Hard cases and political footballs

This excellent piece by Melanie McDonagh in the Spectator about the perceived BBC bias with regards to Northern Ireland’s abortion law, alerted me to the tragic case of Sarah Ewart, who discovered at her 20-week scan that her unborn baby had the severest form of spina bifida and was anencephalic as a result, namely the baby did not have any skull bones. This meant that her baby would die following a traumatic birth in which labour would need to be induced, the lack of skull would mean that there would be no pressure to cause natural labour.

Sincere sympathies to Ms Ewart. Any pro-lifer who rushes in to condemn her as a result of her decision to travel to England for an abortion should hang their head in shame and reconsider whether or not they ought to be a part of the pro-life movement.

This is one of those cases that stretches all of us to our limits where the pro-life lobby needs to be exceptionally cautious before throwing around cold, hard, legalistic definitions of moral theology, which can seem lacking in empathy, in order to justify the best course of action in such a terrible situation.

While Melanie McDonagh is right to identify the underlying agenda of Jim Naughtie, her point that “most people would accept that a baby without a head is, to all intents and purposes, not a baby” requires further analysis.

Firstly the definition of personhood is not dependent on the presence of any one part of the body. A person who is missing a limb is no less of a person than an able-bodied person. In this distressing case, it is not that there is no head whatsoever, but that no bones have formed in the head. Without wishing to dwell upon the gruesome detail, there will be a brain and presumably a face, but no bone to support the mass. So it isn’t accurate to say that the baby was not a person, or not alive or even lacked a head, but that he or she would not have been able to live outside of the womb.

Personhood is not defined by location, or the eight inches of the birth canal. A person does not suddenly become more human or more alive, by virtue of their passage down the birth canal, or through the walls of the abdomen, in the case of a cesarian.  Location does not determine a human’s worth or value.

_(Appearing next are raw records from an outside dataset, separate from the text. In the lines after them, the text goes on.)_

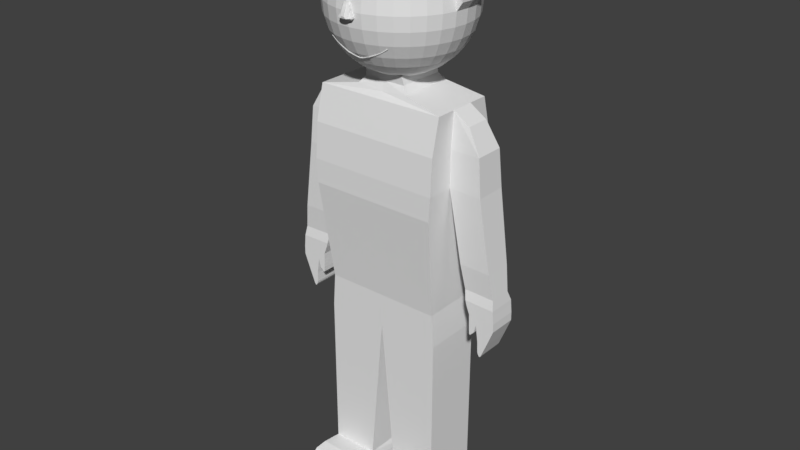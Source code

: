 # Source: PlayerBlender.blend  (saved by Blender 2.79.0; exported with 4.5.12 LTS)
import bpy
from mathutils import Matrix  # noqa: F401  (used for matrix-valued properties, if any)

bpy.ops.wm.read_factory_settings(use_empty=True)
scene = bpy.context.scene
scene.name = 'Scene'

# ---- collections
col_collection_1 = bpy.data.collections.new('Collection 1'); scene.collection.children.link(col_collection_1)

# ---- materials (node trees are filled in below, after node groups)
mat_material = bpy.data.materials.new('Material')
mat_material.alpha_threshold = 0.0
mat_material.use_transparent_shadow = False
mat_material.roughness = 0.5
mat_material.line_color = (0.0, 0.0, 0.0, 1.0)

# ---- material node trees

# ---- world
world_world = bpy.data.worlds.new('World'); scene.world = world_world
world_world.color = (0.05088, 0.05088, 0.05088)
world_world.use_sun_shadow = False
world_world.sun_shadow_jitter_overblur = 0.0
world_world.cycles.sampling_method = 'MANUAL'

# ---- meshes
me_circle = bpy.data.meshes.new('Circle')
me_circle.from_pydata([(0.0, 1.0, -0.1748), (-0.1951, 0.9808, -0.1748), (-0.2036, 0.9239, -0.1748), (-0.2935, 0.8315, -0.1748), (-0.3988, 0.7071, -0.1748), (-0.4444, 0.5556, -0.1748), (-0.5177, 0.3827, -0.1748), (-0.5493, 0.1951, -0.1748), (-0.6321, 6.786e-08, -0.1748), (-0.715, -0.1951, -0.1748), (-0.8026, -0.3827, -0.1748), (-0.8315, -0.5556, -0.1748), (-0.7071, -0.7071, -0.1748), (-0.5556, -0.7329, -0.1748), (-0.3827, -0.7465, -0.1748), (-0.1951, -0.7443, -0.1748), (3.258e-07, -0.7635, -0.1748), (0.1951, -0.7443, -0.1748), (0.3827, -0.7465, -0.1748), (0.5556, -0.7329, -0.1748), (0.7071, -0.7071, -0.1748), (0.8315, -0.5556, -0.1748), (0.8026, -0.3827, -0.1748), (0.715, -0.1951, -0.1748), (0.6321, 9.58e-07, -0.1748), (0.5493, 0.1951, -0.1748), (0.5177, 0.3827, -0.1748), (0.4444, 0.5556, -0.1748), (0.3988, 0.7071, -0.1748), (0.2935, 0.8315, -0.1748), (0.2036, 0.9239, -0.1748), (0.1951, 0.9808, -0.1748), (0.0, 1.0, 0.2394), (-0.1951, 0.9808, 0.2394), (-0.2036, 0.9239, 0.2394), (-0.2935, 0.8315, 0.2394), (-0.3988, 0.7071, 0.2394), (-0.4444, 0.5556, 0.2394), (-0.5177, 0.3827, 0.2394), (-0.5493, 0.1951, 0.2394), (-0.6321, 8.596e-08, 0.2394), (-0.715, -0.1951, 0.2394), (-0.8026, -0.3827, 0.2394), (-0.8315, -0.5556, 0.2394), (-0.7071, -0.7071, 0.2394), (-0.5556, -0.7329, 0.2394), (-0.3827, -0.7465, 0.2394), (-0.1951, -0.7443, 0.2394), (3.258e-07, -0.7635, 0.2394), (0.1951, -0.7443, 0.2394), (0.3827, -0.7465, 0.2394), (0.5556, -0.7329, 0.2394), (0.7071, -0.7071, 0.2394), (0.8315, -0.5556, 0.2394), (0.8026, -0.3827, 0.2394), (0.715, -0.1951, 0.2394), (0.6321, 9.761e-07, 0.2394), (0.5493, 0.1951, 0.1164), (0.5177, 0.3827, 0.2394), (0.4444, 0.5556, 0.2394), (0.3988, 0.7071, 0.2394), (0.2935, 0.8315, 0.2394), (0.2036, 0.9239, 0.2394), (0.1951, 0.9808, 0.2394), (0.003073, -0.5471, 0.6714), (-0.1952, -0.5441, 0.6715), (0.1918, -0.5504, 0.6715), (0.3988, 0.7071, 0.2394), (0.2935, 0.8315, 0.2394), (0.2036, 0.9239, 0.2394), (0.1951, 0.9808, 0.2394), (0.3988, 0.7071, 0.2394), (0.2935, 0.8315, 0.2394), (0.2036, 0.9239, 0.2394), (0.1951, 0.9808, 0.2394), (0.3988, 0.7071, 0.2394), (0.2935, 0.8315, 0.2394), (0.2036, 0.9239, 0.2394), (0.1951, 0.9808, 0.2394), (0.3988, 0.7071, 0.2394), (0.2935, 0.8315, 0.2394), (0.2036, 0.9239, 0.2394), (0.1951, 0.9808, 0.2394), (0.1935, 0.1077, 0.6225), (0.001537, 0.119, 0.6224), (-0.1951, 0.1109, 0.6225), (0.0007683, 0.5595, 0.4568), (-0.1951, 0.5459, 0.4569), (0.1943, 0.5443, 0.4569), (0.1926, -0.3288, 0.7333), (0.002305, -0.3215, 0.7332), (-0.1951, -0.324, 0.7333), (0.0003842, 0.7965, 0.3205), (-0.1951, 0.7801, 0.3205), (0.1947, 0.7793, 0.3205), (-0.3862, -0.5441, 0.6363), (0.3832, -0.5504, 0.6363), (-0.5541, -0.5203, 0.5699), (0.5574, -0.5188, 0.5699), (-0.7046, -0.4966, 0.5014), (0.7079, -0.495, 0.5014), (0.003073, -0.5471, 0.6714), (-0.1952, -0.5441, 0.6715), (0.1918, -0.5504, 0.6715), (-0.3862, -0.5441, 0.6363), (0.3832, -0.5504, 0.6363), (-0.5541, -0.5203, 0.5699), (0.5574, -0.5188, 0.5699), (-0.7046, -0.4966, 0.5014), (0.7079, -0.495, 0.5014)], [(102, 101), (101, 103), (102, 104), (103, 105), (104, 106), (105, 107), (106, 108), (107, 109)], [(0, 31, 63, 32), (19, 18, 50, 51), (6, 5, 37, 38), (20, 19, 51, 52), (7, 6, 38, 39), (21, 20, 52, 53), (8, 7, 39, 40), (22, 21, 53, 54), (9, 8, 40, 41), (23, 22, 54, 55), (10, 9, 41, 42), (24, 23, 55, 56), (11, 10, 42, 43), (25, 24, 56, 57), (12, 11, 43, 44), (26, 25, 57, 58), (13, 12, 44, 45), (27, 26, 58, 59), (14, 13, 45, 46), (1, 0, 32, 33), (28, 27, 59, 60), (15, 14, 46, 47), (2, 1, 33, 34), (29, 28, 60, 61), (16, 15, 47, 48), (3, 2, 34, 35), (30, 29, 61, 62), (17, 16, 48, 49), (4, 3, 35, 36), (31, 30, 62, 63), (18, 17, 49, 50), (5, 4, 36, 37), (90, 89, 66, 64), (91, 90, 64, 65), (63, 62, 69, 70), (62, 61, 68, 69), (61, 60, 67, 68), (70, 69, 73, 74), (69, 68, 72, 73), (68, 67, 71, 72), (74, 73, 77, 78), (73, 72, 76, 77), (72, 71, 75, 76), (78, 77, 81, 82), (77, 76, 80, 81), (76, 75, 79, 80), (48, 47, 65, 64, 66, 49), (87, 86, 84, 85), (86, 88, 83, 84), (92, 94, 88, 86), (93, 92, 86, 87), (85, 84, 90, 91), (84, 83, 89, 90), (33, 32, 92, 93), (32, 63, 94, 92), (46, 95, 65, 47), (96, 50, 49, 66), (33, 93, 87, 85, 91, 65, 95, 36, 35, 34), (66, 89, 83, 88, 94, 82, 81, 80, 79, 96), (57, 98, 96, 79, 59, 58), (36, 95, 97, 39, 38, 37), (45, 97, 95, 46), (51, 50, 96, 98), (100, 52, 51, 98), (44, 99, 97, 45), (55, 100, 98, 57, 56), (40, 39, 97, 99, 41), (52, 100, 55, 54, 53), (41, 99, 44, 43, 42)])
me_circle.use_remesh_preserve_volume = False
me_circle.use_remesh_preserve_attributes = False
me_circle.use_mirror_vertex_groups = False
me_circle.update()
me_sphere_001 = bpy.data.meshes.new('Sphere.001')
me_sphere_001.from_pydata([(0.0, 0.1951, 0.9808), (0.0, 0.3827, 0.9239), (0.0, 0.5556, 0.8315), (0.0, 0.7071, 0.7071), (0.0, 0.8315, 0.5556), (0.0, 0.9239, 0.3827), (0.0, 0.9808, 0.1951), (0.0, 1.0, 7.55e-08), (0.0, 0.9808, -0.1951), (0.0, 0.5556, -0.8315), (0.03806, 0.1913, 0.9808), (0.07466, 0.3753, 0.9239), (0.1084, 0.5449, 0.8315), (0.1379, 0.6935, 0.7071), (0.1622, 0.8155, 0.5556), (0.1802, 0.9061, 0.3827), (0.1913, 0.9619, 0.1951), (0.1951, 0.9808, 7.55e-08), (0.1913, 0.9619, -0.1951), (0.1802, 0.9061, -0.3827), (0.1622, 0.8155, -0.5556), (0.1379, 0.6935, -0.7071), (0.1084, 0.5449, -0.8315), (0.07466, 0.3753, -0.9239), (0.03806, 0.1913, -0.9808), (0.07466, 0.1802, 0.9808), (0.1464, 0.3536, 0.9239), (0.2126, 0.5133, 0.8315), (0.2706, 0.6533, 0.7071), (0.3182, 0.7682, 0.5556), (0.3536, 0.8536, 0.3827), (0.3753, 0.9061, 0.1951), (0.3827, 0.9239, 7.55e-08), (0.3753, 0.9061, -0.1951), (0.3536, 0.8536, -0.3827), (0.3182, 0.7682, -0.5556), (0.2706, 0.6533, -0.7071), (0.2126, 0.5133, -0.8315), (0.1464, 0.3536, -0.9239), (0.07466, 0.1802, -0.9808), (0.1084, 0.1622, 0.9808), (0.2126, 0.3182, 0.9239), (0.3087, 0.4619, 0.8315), (0.3928, 0.5879, 0.7071), (0.4619, 0.6913, 0.5556), (0.5133, 0.7682, 0.3827), (0.5449, 0.8155, 0.1951), (0.5556, 0.8315, 7.55e-08), (0.5449, 0.8155, -0.1951), (0.5133, 0.7682, -0.3827), (0.4619, 0.6913, -0.5556), (0.3928, 0.5879, -0.7071), (0.3087, 0.4619, -0.8315), (0.2126, 0.3182, -0.9239), (0.1084, 0.1622, -0.9808), (0.1379, 0.1379, 0.9808), (0.2706, 0.2706, 0.9239), (0.3928, 0.3928, 0.8315), (0.5, 0.5, 0.7071), (0.5879, 0.5879, 0.5556), (0.6533, 0.6533, 0.3827), (0.6935, 0.6935, 0.1951), (0.7071, 0.7071, 7.55e-08), (0.6935, 0.6935, -0.1951), (0.6533, 0.6533, -0.3827), (0.5879, 0.5879, -0.5556), (0.5, 0.5, -0.7071), (0.3928, 0.3928, -0.8315), (0.2706, 0.2706, -0.9239), (0.1379, 0.1379, -0.9808), (0.1622, 0.1084, 0.9808), (0.3182, 0.2126, 0.9239), (0.4619, 0.3087, 0.8315), (0.5879, 0.3928, 0.7071), (0.6913, 0.4619, 0.5556), (0.7682, 0.5133, 0.3827), (0.8155, 0.5449, 0.1951), (0.8315, 0.5556, 7.55e-08), (0.8155, 0.5449, -0.1951), (0.7682, 0.5133, -0.3827), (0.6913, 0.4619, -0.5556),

The process of birth does not render a baby any more human or alive. Neither does mental capacity. A six week old baby is not less of a person because they lack mental reasoning skills,  in the same way that someone suffering from Alzheimer’s is no less of a person, nor someone in a temporary coma for example.

The law in Northern Ireland  rightly does not allow foetal abnormality as grounds for abortion, which should not be controversial. A civilised society should not approve the principle that people should be terminated on the grounds that they are not able-bodied and therefore their lives of lesser value.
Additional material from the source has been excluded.